From the Department of Biostatistics, University of Michigan School of Public Health, Ann Arbor, MI.
Department of Epidemiology, University of Michigan School of Public Health, Ann Arbor, MI.
Epidemiology. 2019 Sep;30(5):746-755. doi: 10.1097/EDE.0000000000001052.

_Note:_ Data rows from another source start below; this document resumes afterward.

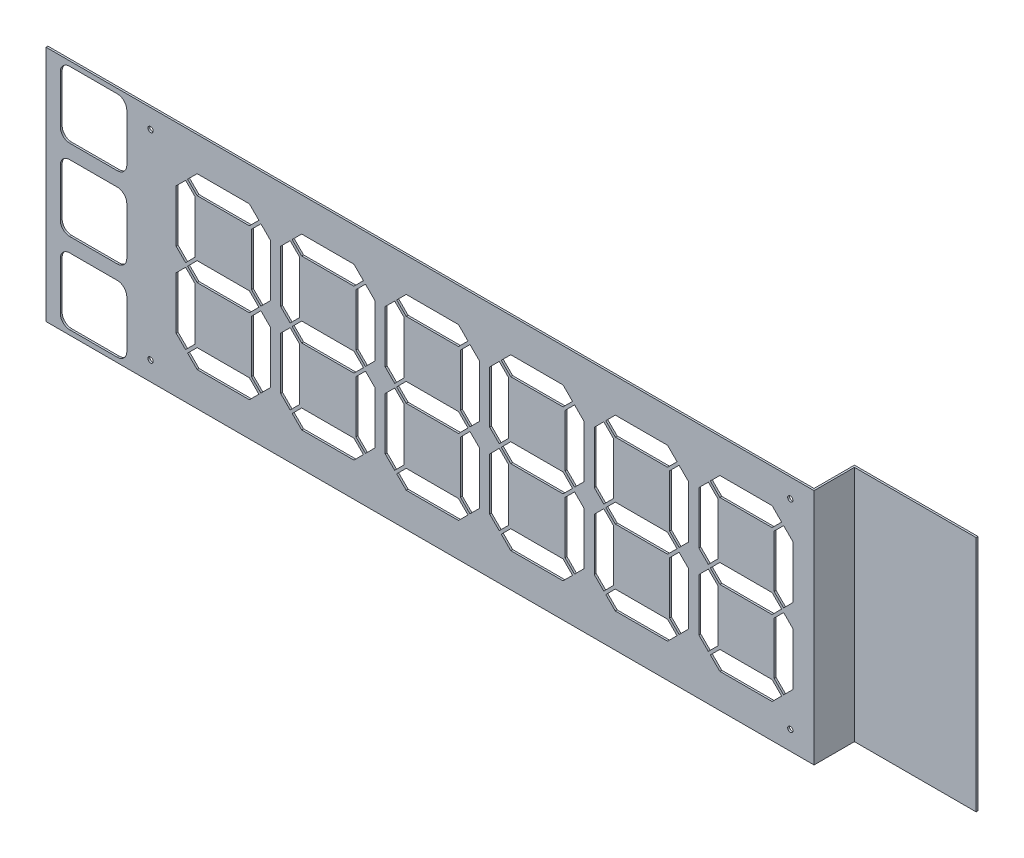
SolidWorks part; units mm, degrees
ref_plane "Plan de face" through (0, 0, 0) normal (0, 0, 1) x (1, 0, 0)
ref_plane "Plan de dessus" through (0, 0, 0) normal (0, 1, 0) x (1, 0, 0)
ref_plane "Plan de droite" through (0, 0, 0) normal (1, 0, 0) x (0, 0, -1)
sketch "Esquisse10" plane through (0, 0, 0) normal (0, 0, 1) x (1, 0, 0)
  line L264 (107.7211, -70.7055) -> (97.7211, -60.7055)
  line L265 (97.7211, -60.7055) -> (42.7211, -60.7055)
  line L266 (42.7211, -60.7055) -> (32.7211, -70.7055)
  line L267 (32.7211, -70.7055) -> (42.7211, -80.7055)
  line L268 (42.7211, -80.7055) -> (97.7211, -80.7055)
  line L269 (97.7211, -80.7055) -> (107.7211, -70.7055)
  line L270 (109.8425, -68.5842) -> (119.8425, -58.5842)
  line L271 (119.8425, -58.5842) -> (119.8425, -3.5842)
  line L272 (119.8425, -3.5842) -> (109.8425, 6.4158)
  line L273 (109.8425, 6.4158) -> (99.8425, -3.5842)
  line L274 (99.8425, -3.5842) -> (99.8425, -58.5842)
  line L275 (99.8425, -58.5842) -> (109.8425, -68.5842)
  line L276 (30.5998, -68.5842) -> (40.5998, -58.5842)
  line L277 (40.5998, -58.5842) -> (40.5998, -3.5842)
  line L278 (40.5998, -3.5842) -> (30.5998, 6.4158)
  line L279 (30.5998, 6.4158) -> (20.5998, -3.5842)
  line L280 (20.5998, -3.5842) -> (20.5998, -58.5842)
  line L281 (20.5998, -58.5842) -> (30.5998, -68.5842)
  line L282 (107.7211, 8.5372) -> (97.7211, 18.5372)
  line L283 (97.7211, 18.5372) -> (42.7211, 18.5372)
  line L284 (42.7211, 18.5372) -> (32.7211, 8.5372)
  line L285 (32.7211, 8.5372) -> (42.7211, -1.4628)
  line L286 (42.7211, -1.4628) -> (97.7211, -1.4628)
  line L287 (97.7211, -1.4628) -> (107.7211, 8.5372)
  line L288 (109.8425, 10.6585) -> (119.8425, 20.6585)
  line L289 (119.8425, 20.6585) -> (119.8425, 75.6585)
  line L290 (119.8425, 75.6585) -> (109.8425, 85.6585)
  line L291 (109.8425, 85.6585) -> (99.8425, 75.6585)
  line L292 (99.8425, 75.6585) -> (99.8425, 20.6585)
  line L293 (99.8425, 20.6585) -> (109.8425, 10.6585)
  line L294 (107.7211, 87.7798) -> (97.7211, 97.7798)
  line L295 (97.7211, 97.7798) -> (42.7211, 97.7798)
  line L296 (42.7211, 97.7798) -> (32.7211, 87.7798)
  line L297 (32.7211, 87.7798) -> (42.7211, 77.7798)
  line L298 (42.7211, 77.7798) -> (97.7211, 77.7798)
  line L299 (97.7211, 77.7798) -> (107.7211, 87.7798)
  line L300 (30.5998, 10.6585) -> (40.5998, 20.6585)
  line L301 (40.5998, 20.6585) -> (40.5998, 75.6585)
  line L302 (40.5998, 75.6585) -> (30.5998, 85.6585)
  line L303 (30.5998, 85.6585) -> (20.5998, 75.6585)
  line L304 (20.5998, 75.6585) -> (20.5998, 20.6585)
  line L305 (20.5998, 20.6585) -> (30.5998, 10.6585)
  line L306 (-0.1575, 10.6585) -> (9.8425, 20.6585)
  line L307 (9.8425, 20.6585) -> (9.8425, 75.6585)
  line L308 (9.8425, 75.6585) -> (-0.1575, 85.6585)
  line L309 (-0.1575, 85.6585) -> (-10.1575, 75.6585)
  line L310 (-10.1575, 75.6585) -> (-10.1575, 20.6585)
  line L311 (-10.1575, 20.6585) -> (-0.1575, 10.6585)
  line L312 (-0.1575, -68.5842) -> (9.8425, -58.5842)
  line L313 (9.8425, -58.5842) -> (9.8425, -3.5842)
  line L314 (9.8425, -3.5842) -> (-0.1575, 6.4158)
  line L315 (-0.1575, 6.4158) -> (-10.1575, -3.5842)
  line L316 (-10.1575, -3.5842) -> (-10.1575, -58.5842)
  line L317 (-10.1575, -58.5842) -> (-0.1575, -68.5842)
  line L318 (-2.2789, -70.7055) -> (-12.2789, -60.7055)
  line L319 (-12.2789, -60.7055) -> (-67.2789, -60.7055)
  line L320 (-67.2789, -60.7055) -> (-77.2789, -70.7055)
  line L321 (-77.2789, -70.7055) -> (-67.2789, -80.7055)
  line L322 (-67.2789, -80.7055) -> (-12.2789, -80.7055)
  line L323 (-12.2789, -80.7055) -> (-2.2789, -70.7055)
  line L324 (-79.4002, -68.5842) -> (-69.4002, -58.5842)
  line L325 (-69.4002, -58.5842) -> (-69.4002, -3.5842)
  line L326 (-69.4002, -3.5842) -> (-79.4002, 6.4158)
  line L327 (-79.4002, 6.4158) -> (-89.4002, -3.5842)
  line L328 (-89.4002, -3.5842) -> (-89.4002, -58.5842)
  line L329 (-89.4002, -58.5842) -> (-79.4002, -68.5842)
  line L330 (-2.2789, 8.5372) -> (-12.2789, 18.5372)
  line L331 (-12.2789, 18.5372) -> (-67.2789, 18.5372)
  line L332 (-67.2789, 18.5372) -> (-77.2789, 8.5372)
  line L333 (-77.2789, 8.5372) -> (-67.2789, -1.4628)
  line L334 (-67.2789, -1.4628) -> (-12.2789, -1.4628)
  line L335 (-12.2789, -1.4628) -> (-2.2789, 8.5372)
  line L336 (-79.4002, 10.6585) -> (-69.4002, 20.6585)
  line L337 (-69.4002, 20.6585) -> (-69.4002, 75.6585)
  line L338 (-69.4002, 75.6585) -> (-79.4002, 85.6585)
  line L339 (-79.4002, 85.6585) -> (-89.4002, 75.6585)
  line L340 (-89.4002, 75.6585) -> (-89.4002, 20.6585)
  line L341 (-89.4002, 20.6585) -> (-79.4002, 10.6585)
  line L342 (-2.2789, 87.7798) -> (-12.2789, 97.7798)
  line L343 (-12.2789, 97.7798) -> (-67.2789, 97.7798)
  line L344 (-67.2789, 97.7798) -> (-77.2789, 87.7798)
  line L345 (-77.2789, 87.7798) -> (-67.2789, 77.7798)
  line L346 (-67.2789, 77.7798) -> (-12.2789, 77.7798)
  line L347 (-12.2789, 77.7798) -> (-2.2789, 87.7798)
  line L348 (-110.1575, -68.5842) -> (-100.1575, -58.5842)
  line L349 (-100.1575, -58.5842) -> (-100.1575, -3.5842)
  line L350 (-100.1575, -3.5842) -> (-110.1575, 6.4158)
  line L351 (-110.1575, 6.4158) -> (-120.1575, -3.5842)
  line L352 (-120.1575, -3.5842) -> (-120.1575, -58.5842)
  line L353 (-120.1575, -58.5842) -> (-110.1575, -68.5842)
  line L354 (-112.2789, -70.7055) -> (-122.2789, -60.7055)
  line L355 (-122.2789, -60.7055) -> (-177.2789, -60.7055)
  line L356 (-177.2789, -60.7055) -> (-187.2789, -70.7055)
  line L357 (-187.2789, -70.7055) -> (-177.2789, -80.7055)
  line L358 (-177.2789, -80.7055) -> (-122.2789, -80.7055)
  line L359 (-122.2789, -80.7055) -> (-112.2789, -70.7055)
  line L360 (-189.4002, -68.5842) -> (-179.4002, -58.5842)
  line L361 (-179.4002, -58.5842) -> (-179.4002, -3.5842)
  line L362 (-179.4002, -3.5842) -> (-189.4002, 6.4158)
  line L363 (-189.4002, 6.4158) -> (-199.4002, -3.5842)
  line L364 (-199.4002, -3.5842) -> (-199.4002, -58.5842)
  line L365 (-199.4002, -58.5842) -> (-189.4002, -68.5842)
  line L366 (-112.2789, 8.5372) -> (-122.2789, 18.5372)
  line L367 (-122.2789, 18.5372) -> (-177.2789, 18.5372)
  line L368 (-177.2789, 18.5372) -> (-187.2789, 8.5372)
  line L369 (-187.2789, 8.5372) -> (-177.2789, -1.4628)
  line L370 (-177.2789, -1.4628) -> (-122.2789, -1.4628)
  line L371 (-122.2789, -1.4628) -> (-112.2789, 8.5372)
  line L372 (-110.1575, 10.6585) -> (-100.1575, 20.6585)
  line L373 (-100.1575, 20.6585) -> (-100.1575, 75.6585)
  line L374 (-100.1575, 75.6585) -> (-110.1575, 85.6585)
  line L375 (-110.1575, 85.6585) -> (-120.1575, 75.6585)
  line L376 (-120.1575, 75.6585) -> (-120.1575, 20.6585)
  line L377 (-120.1575, 20.6585) -> (-110.1575, 10.6585)
  line L378 (-112.2789, 87.7798) -> (-122.2789, 97.7798)
  line L379 (-122.2789, 97.7798) -> (-177.2789, 97.7798)
  line L380 (-177.2789, 97.7798) -> (-187.2789, 87.7798)
  line L381 (-187.2789, 87.7798) -> (-177.2789, 77.7798)
  line L382 (-177.2789, 77.7798) -> (-122.2789, 77.7798)
  line L383 (-122.2789, 77.7798) -> (-112.2789, 87.7798)
  line L384 (-189.4002, 10.6585) -> (-179.4002, 20.6585)
  line L385 (-179.4002, 20.6585) -> (-179.4002, 75.6585)
  line L386 (-179.4002, 75.6585) -> (-189.4002, 85.6585)
  line L387 (-189.4002, 85.6585) -> (-199.4002, 75.6585)
  line L388 (-199.4002, 75.6585) -> (-199.4002, 20.6585)
  line L389 (-199.4002, 20.6585) -> (-189.4002, 10.6585)
  line L390 (-222.2789, -70.7055) -> (-232.2789, -60.7055)
  line L391 (-232.2789, -60.7055) -> (-287.2789, -60.7055)
  line L392 (-287.2789, -60.7055) -> (-297.2789, -70.7055)
  line L393 (-297.2789, -70.7055) -> (-287.2789, -80.7055)
  line L394 (-287.2789, -80.7055) -> (-232.2789, -80.7055)
  line L395 (-232.2789, -80.7055) -> (-222.2789, -70.7055)
  line L396 (-220.1575, -68.5842) -> (-210.1575, -58.5842)
  line L397 (-210.1575, -58.5842) -> (-210.1575, -3.5842)
  line L398 (-210.1575, -3.5842) -> (-220.1575, 6.4158)
  line L399 (-220.1575, 6.4158) -> (-230.1575, -3.5842)
  line L400 (-230.1575, -3.5842) -> (-230.1575, -58.5842)
  line L401 (-230.1575, -58.5842) -> (-220.1575, -68.5842)
  line L402 (-299.4002, -68.5842) -> (-289.4002, -58.5842)
  line L403 (-289.4002, -58.5842) -> (-289.4002, -3.5842)
  line L404 (-289.4002, -3.5842) -> (-299.4002, 6.4158)
  line L405 (-299.4002, 6.4158) -> (-309.4002, -3.5842)
  line L406 (-309.4002, -3.5842) -> (-309.4002, -58.5842)
  line L407 (-309.4002, -58.5842) -> (-299.4002, -68.5842)
  line L408 (-222.2789, 8.5372) -> (-232.2789, 18.5372)
  line L409 (-232.2789, 18.5372) -> (-287.2789, 18.5372)
  line L410 (-287.2789, 18.5372) -> (-297.2789, 8.5372)
  line L411 (-297.2789, 8.5372) -> (-287.2789, -1.4628)
  line L412 (-287.2789, -1.4628) -> (-232.2789, -1.4628)
  line L413 (-232.2789, -1.4628) -> (-222.2789, 8.5372)
  line L414 (-220.1575, 10.6585) -> (-210.1575, 20.6585)
  line L415 (-210.1575, 20.6585) -> (-210.1575, 75.6585)
  line L416 (-210.1575, 75.6585) -> (-220.1575, 85.6585)
  line L417 (-220.1575, 85.6585) -> (-230.1575, 75.6585)
  line L418 (-230.1575, 75.6585) -> (-230.1575, 20.6585)
  line L419 (-230.1575, 20.6585) -> (-220.1575, 10.6585)
  line L420 (-299.4002, 10.6585) -> (-289.4002, 20.6585)
  line L421 (-289.4002, 20.6585) -> (-289.4002, 75.6585)
  line L422 (-289.4002, 75.6585) -> (-299.4002, 85.6585)
  line L423 (-299.4002, 85.6585) -> (-309.4002, 75.6585)
  line L424 (-309.4002, 75.6585) -> (-309.4002, 20.6585)
  line L425 (-309.4002, 20.6585) -> (-299.4002, 10.6585)
  line L426 (-222.2789, 87.7798) -> (-232.2789, 97.7798)
  line L427 (-232.2789, 97.7798) -> (-287.2789, 97.7798)
  line L428 (-287.2789, 97.7798) -> (-297.2789, 87.7798)
  line L429 (-297.2789, 87.7798) -> (-287.2789, 77.7798)
  line L430 (-287.2789, 77.7798) -> (-232.2789, 77.7798)
  line L431 (-232.2789, 77.7798) -> (-222.2789, 87.7798)
  line L432 (-332.2789, -70.7055) -> (-342.2789, -60.7055)
  line L433 (-342.2789, -60.7055) -> (-397.2789, -60.7055)
  line L434 (-397.2789, -60.7055) -> (-407.2789, -70.7055)
  line L435 (-407.2789, -70.7055) -> (-397.2789, -80.7055)
  line L436 (-397.2789, -80.7055) -> (-342.2789, -80.7055)
  line L437 (-342.2789, -80.7055) -> (-332.2789, -70.7055)
  line L438 (-330.1575, -68.5842) -> (-320.1575, -58.5842)
  line L439 (-320.1575, -58.5842) -> (-320.1575, -3.5842)
  line L440 (-320.1575, -3.5842) -> (-330.1575, 6.4158)
  line L441 (-330.1575, 6.4158) -> (-340.1575, -3.5842)
  line L442 (-340.1575, -3.5842) -> (-340.1575, -58.5842)
  line L443 (-340.1575, -58.5842) -> (-330.1575, -68.5842)
  line L444 (-409.4002, -68.5842) -> (-399.4002, -58.5842)
  line L445 (-399.4002, -58.5842) -> (-399.4002, -3.5842)
  line L446 (-399.4002, -3.5842) -> (-409.4002, 6.4158)
  line L447 (-409.4002, 6.4158) -> (-419.4002, -3.5842)
  line L448 (-419.4002, -3.5842) -> (-419.4002, -58.5842)
  line L449 (-419.4002, -58.5842) -> (-409.4002, -68.5842)
  line L450 (-332.2789, 8.5372) -> (-342.2789, 18.5372)
  line L451 (-342.2789, 18.5372) -> (-397.2789, 18.5372)
  line L452 (-397.2789, 18.5372) -> (-407.2789, 8.5372)
  line L453 (-407.2789, 8.5372) -> (-397.2789, -1.4628)
  line L454 (-397.2789, -1.4628) -> (-342.2789, -1.4628)
  line L455 (-342.2789, -1.4628) -> (-332.2789, 8.5372)
  line L456 (-330.1575, 10.6585) -> (-320.1575, 20.6585)
  line L457 (-320.1575, 20.6585) -> (-320.1575, 75.6585)
  line L458 (-320.1575, 75.6585) -> (-330.1575, 85.6585)
  line L459 (-330.1575, 85.6585) -> (-340.1575, 75.6585)
  line L460 (-340.1575, 75.6585) -> (-340.1575, 20.6585)
  line L461 (-340.1575, 20.6585) -> (-330.1575, 10.6585)
  line L462 (-332.2789, 87.7798) -> (-342.2789, 97.7798)
  line L463 (-342.2789, 97.7798) -> (-397.2789, 97.7798)
  line L464 (-397.2789, 97.7798) -> (-407.2789, 87.7798)
  line L465 (-407.2789, 87.7798) -> (-397.2789, 77.7798)
  line L466 (-397.2789, 77.7798) -> (-342.2789, 77.7798)
  line L467 (-342.2789, 77.7798) -> (-332.2789, 87.7798)
  line L468 (-409.4002, 10.6585) -> (-399.4002, 20.6585)
  line L469 (-399.4002, 20.6585) -> (-399.4002, 75.6585)
  line L470 (-399.4002, 75.6585) -> (-409.4002, 85.6585)
  line L471 (-409.4002, 85.6585) -> (-419.4002, 75.6585)
  line L472 (-419.4002, 75.6585) -> (-419.4002, 20.6585)
  line L473 (-419.4002, 20.6585) -> (-409.4002, 10.6585)
  line L474 (-440.1575, -68.5842) -> (-430.1575, -58.5842)
  line L475 (-430.1575, -58.5842) -> (-430.1575, -3.5842)
  line L476 (-430.1575, -3.5842) -> (-440.1575, 6.4158)
  line L477 (-440.1575, 6.4158) -> (-450.1575, -3.5842)
  line L478 (-450.1575, -3.5842) -> (-450.1575, -58.5842)
  line L479 (-450.1575, -58.5842) -> (-440.1575, -68.5842)
  line L480 (-442.2789, -70.7055) -> (-452.2789, -60.7055)
  line L481 (-452.2789, -60.7055) -> (-507.2789, -60.7055)
  line L482 (-507.2789, -60.7055) -> (-517.2789, -70.7055)
  line L483 (-517.2789, -70.7055) -> (-507.2789, -80.7055)
  line L484 (-507.2789, -80.7055) -> (-452.2789, -80.7055)
  line L485 (-452.2789, -80.7055) -> (-442.2789, -70.7055)
  line L486 (-519.4002, -68.5842) -> (-509.4002, -58.5842)
  line L487 (-509.4002, -58.5842) -> (-509.4002, -3.5842)
  line L488 (-509.4002, -3.5842) -> (-519.4002, 6.4158)
  line L489 (-519.4002, 6.4158) -> (-529.4002, -3.5842)
  line L490 (-529.4002, -3.5842) -> (-529.4002, -58.5842)
  line L491 (-529.4002, -58.5842) -> (-519.4002, -68.5842)
  line L492 (-442.2789, 8.5372) -> (-452.2789, 18.5372)
  line L493 (-452.2789, 18.5372) -> (-507.2789, 18.5372)
  line L494 (-507.2789, 18.5372) -> (-517.2789, 8.5372)
  line L495 (-517.2789, 8.5372) -> (-507.2789, -1.4628)
  line L496 (-507.2789, -1.4628) -> (-452.2789, -1.4628)
  line L497 (-452.2789, -1.4628) -> (-442.2789, 8.5372)
  line L498 (-440.1575, 10.6585) -> (-430.1575, 20.6585)
  line L499 (-430.1575, 20.6585) -> (-430.1575, 75.6585)
  line L500 (-430.1575, 75.6585) -> (-440.1575, 85.6585)
  line L501 (-440.1575, 85.6585) -> (-450.1575, 75.6585)
  line L502 (-450.1575, 75.6585) -> (-450.1575, 20.6585)
  line L503 (-450.1575, 20.6585) -> (-440.1575, 10.6585)
  line L504 (-519.4002, 10.6585) -> (-509.4002, 20.6585)
  line L505 (-509.4002, 20.6585) -> (-509.4002, 75.6585)
  line L506 (-509.4002, 75.6585) -> (-519.4002, 85.6585)
  line L507 (-519.4002, 85.6585) -> (-529.4002, 75.6585)
  line L508 (-529.4002, 75.6585) -> (-529.4002, 20.6585)
  line L509 (-529.4002, 20.6585) -> (-519.4002, 10.6585)
  line L510 (-442.2789, 87.7798) -> (-452.2789, 97.7798)
  line L511 (-452.2789, 97.7798) -> (-507.2789, 97.7798)
  line L512 (-507.2789, 97.7798) -> (-517.2789, 87.7798)
  line L513 (-517.2789, 87.7798) -> (-507.2789, 77.7798)
  line L514 (-507.2789, 77.7798) -> (-452.2789, 77.7798)
  line L515 (-452.2789, 77.7798) -> (-442.2789, 87.7798)
  line L516 (-591.2895, -111.4628) -> (-641.2895, -111.4628)
  line L517 (-651.2895, -101.4628) -> (-651.2895, -51.4628)
  line L518 (-581.2895, -51.4628) -> (-581.2895, -101.4628)
  line L519 (-641.2895, -41.4628) -> (-591.2895, -41.4628)
  line L520 (-651.2895, -16.4628) -> (-651.2895, 33.5372)
  line L521 (-591.2895, -26.4628) -> (-641.2895, -26.4628)
  line L522 (-581.2895, 33.5372) -> (-581.2895, -16.4628)
  line L523 (-641.2895, 43.5372) -> (-591.2895, 43.5372)
  line L524 (-641.2895, 128.5372) -> (-591.2895, 128.5372)
  line L525 (-651.2895, 68.5372) -> (-651.2895, 118.5372)
  line L526 (-591.2895, 58.5372) -> (-641.2895, 58.5372)
  line L527 (-581.2895, 118.5372) -> (-581.2895, 68.5372)
  line L532 (139.8425, -116.4628) -> (-666.2895, -116.4628)
  line L533 (-704.7789, -106.4628) -> (-704.7789, 123.5372) construction
  line L534 (295.2211, 123.5372) -> (295.2211, -106.4628) construction
  line L535 (-666.2895, 133.5372) -> (139.8425, 133.5372)
  line L540 (266.296, -78.4133) -> (166.296, -78.4133) construction
  line L541 (266.296, 121.5867) -> (266.296, -78.4133) construction
  line L542 (166.296, 121.5867) -> (266.296, 121.5867) construction
  line L543 (166.296, -78.4133) -> (166.296, 121.5867) construction
  line L544 (-666.2895, 133.5372) -> (-666.2895, -116.4628)
  line L545 (139.8425, 133.5372) -> (139.8425, -116.4628)
  line L546 (285.2211, 133.5372) -> (139.8425, 133.5372) construction
  line L547 (139.8425, -116.4628) -> (285.2211, -116.4628) construction
  line L548 (-666.2895, 133.5372) -> (-694.7789, 133.5372) construction
  line L549 (-666.2895, -116.4628) -> (-694.7789, -116.4628) construction
  arc A12 (-591.2895, -111.4628) -> (-581.2895, -101.4628) centre (-591.2895, -101.4628) ccw
  arc A13 (-651.2895, -101.4628) -> (-641.2895, -111.4628) centre (-641.2895, -101.4628) ccw
  arc A14 (-641.2895, -41.4628) -> (-651.2895, -51.4628) centre (-641.2895, -51.4628) ccw
  arc A15 (-581.2895, -51.4628) -> (-591.2895, -41.4628) centre (-591.2895, -51.4628) ccw
  arc A16 (-641.2895, 43.5372) -> (-651.2895, 33.5372) centre (-641.2895, 33.5372) ccw
  arc A17 (-651.2895, -16.4628) -> (-641.2895, -26.4628) centre (-641.2895, -16.4628) ccw
  arc A18 (-591.2895, -26.4628) -> (-581.2895, -16.4628) centre (-591.2895, -16.4628) ccw
  arc A19 (-581.2895, 33.5372) -> (-591.2895, 43.5372) centre (-591.2895, 33.5372) ccw
  arc A20 (-641.2895, 128.5372) -> (-651.2895, 118.5372) centre (-641.2895, 118.5372) ccw
  arc A21 (-651.2895, 68.5372) -> (-641.2895, 58.5372) centre (-641.2895, 68.5372) ccw
  arc A22 (-591.2895, 58.5372) -> (-581.2895, 68.5372) centre (-591.2895, 68.5372) ccw
  arc A23 (-581.2895, 118.5372) -> (-591.2895, 128.5372) centre (-591.2895, 118.5372) ccw
  arc A28 (285.2211, -116.4628) -> (295.2211, -106.4628) centre (285.2211, -106.4628) ccw construction
  arc A29 (-704.7789, -106.4628) -> (-694.7789, -116.4628) centre (-694.7789, -106.4628) ccw construction
  arc A30 (-694.7789, 133.5372) -> (-704.7789, 123.5372) centre (-694.7789, 123.5372) ccw construction
  arc A31 (295.2211, 123.5372) -> (285.2211, 133.5372) centre (285.2211, 123.5372) ccw construction
  point P308 (119.8425, 48.1585)
  dimension "D1" = 649.2426
  dimension "D2" = 771.132
  dimension "D3" = 15
  dimension "D4" = 20
extrude "Boss.-Extru.2" add sketch "Esquisse10" along normal blind 2
sketch "Esquisse11" plane through (0, -116.4628, 0) normal (0, -1, 0) x (1, 0, 0)
  line L1 (139.8425, 2) -> (141.8425, 2)
  line L2 (139.8425, 2) -> (139.8425, -35.5)
  line L4 (141.8425, 2) -> (141.8425, -40.5)
  line L6 (141.8425, -40.5) -> (269.8425, -40.5)
  line L7 (139.8425, -35.5) -> (139.8425, -42.5)
  line L8 (139.8425, -42.5) -> (269.8425, -42.5)
  line L9 (269.8425, -40.5) -> (269.8425, -42.5)
  dimension "D1" = 44.5
  dimension "D2" = 130
  dimension "D3" = 2
  dimension "D4" = 2
extrude "Boss.-Extru.3" add sketch "Esquisse11" against normal up to surface (250 mm away) up to face at (-263.2235, 133.5372, 1)
hole_wizard "Dégagement M52" positions "Esquisse3D2" profile "Esquisse13" hole size "M5" standard "Ansi Metric"
sketch3d "Esquisse3D2"
  line L0 (141.8425, 133.5372, 2) -> (-666.2895, 133.5372, 2) construction
  line L1 (-581.2895, 68.5372, 2) -> (-581.2895, 118.5372, 2) construction
  line L2 (-581.2895, -101.4628, 2) -> (-581.2895, -51.4628, 2) construction
  line L3 (-666.2895, -116.4628, 2) -> (141.8425, -116.4628, 2) construction
  line L4 (141.8425, 133.5372, 2) -> (141.8425, -116.4628, 2) construction
  point P0 (-556.2895, 113.5372, 2)
  point P2 (-556.2895, -96.4628, 2)
  point P4 (116.8425, 113.5372, 2)
  point P6 (116.8425, -96.4628, 2)
  dimension "D1" = 20
  dimension "D2" = 25
  dimension "D3" = 25
  dimension "D4" = 20
  dimension "D5" = 20
  dimension "D6" = 25
  dimension "D7" = 25
  dimension "D8" = 20
sketch "Esquisse13" plane through (-556.2895, 113.5372, 2) normal (1, 0, 0) x (0, -1, 0)
  line L0 (0, 0) -> (0, 16.6524)
  line L1 (0, 16.6524) -> (2.75, 15)
  line L2 (2.75, 15) -> (2.75, 0)
  line L5 (2.75, 0) -> (0, 0)
  line L10 (0, 16.6524) -> (-2.75, 15) construction
  line L11 (0, -6.35) -> (0, 107.95) construction
  dimension "Diamètre du perçage" = 5.5
  dimension "Profondeur du perçage" = 15
  dimension "Angle de pointe" = 118

Limit of detection (LOD) issues are ubiquitous in exposure assessment. Although there is an extensive literature on modeling exposure data under such imperfect measurement processes, including likelihood-based methods and multiple imputation, the standard practice continues to be naïve single imputation by a constant (e.g., (Equation is included in full-text article.)). In this article, we consider the situation where, due to the practical logistics of data accrual, sampling, and resource constraints, exposure data are analyzed in multiple batches where the LOD and the proportion of censored observations differ across batches. Compounding this problem is the potential for nonrandom assignment of samples to each batch, often driven by enrollment patterns and biosample storage. This issue is particularly important for binary outcome data where batches may have different levels of outcome enrichment. We first consider variants of existing methods to address varying LODs across multiple batches. We then propose a likelihood-based multiple imputation strategy to impute observations that are below the LOD while simultaneously accounting for differential batch assignment. Our simulation study shows that our proposed method has superior estimation properties (i.e., bias, coverage, statistical efficiency) compared to standard alternatives, provided that distributional assumptions are satisfied. Additionally, in most batch assignment configurations, complete-case analysis can be made unbiased by including batch indicator terms in the analysis model, although this strategy is less efficient relative to the proposed method. We illustrate our method by analyzing data from a cohort study in Puerto Rico that is investigating the relation between endocrine disruptor exposures and preterm birth.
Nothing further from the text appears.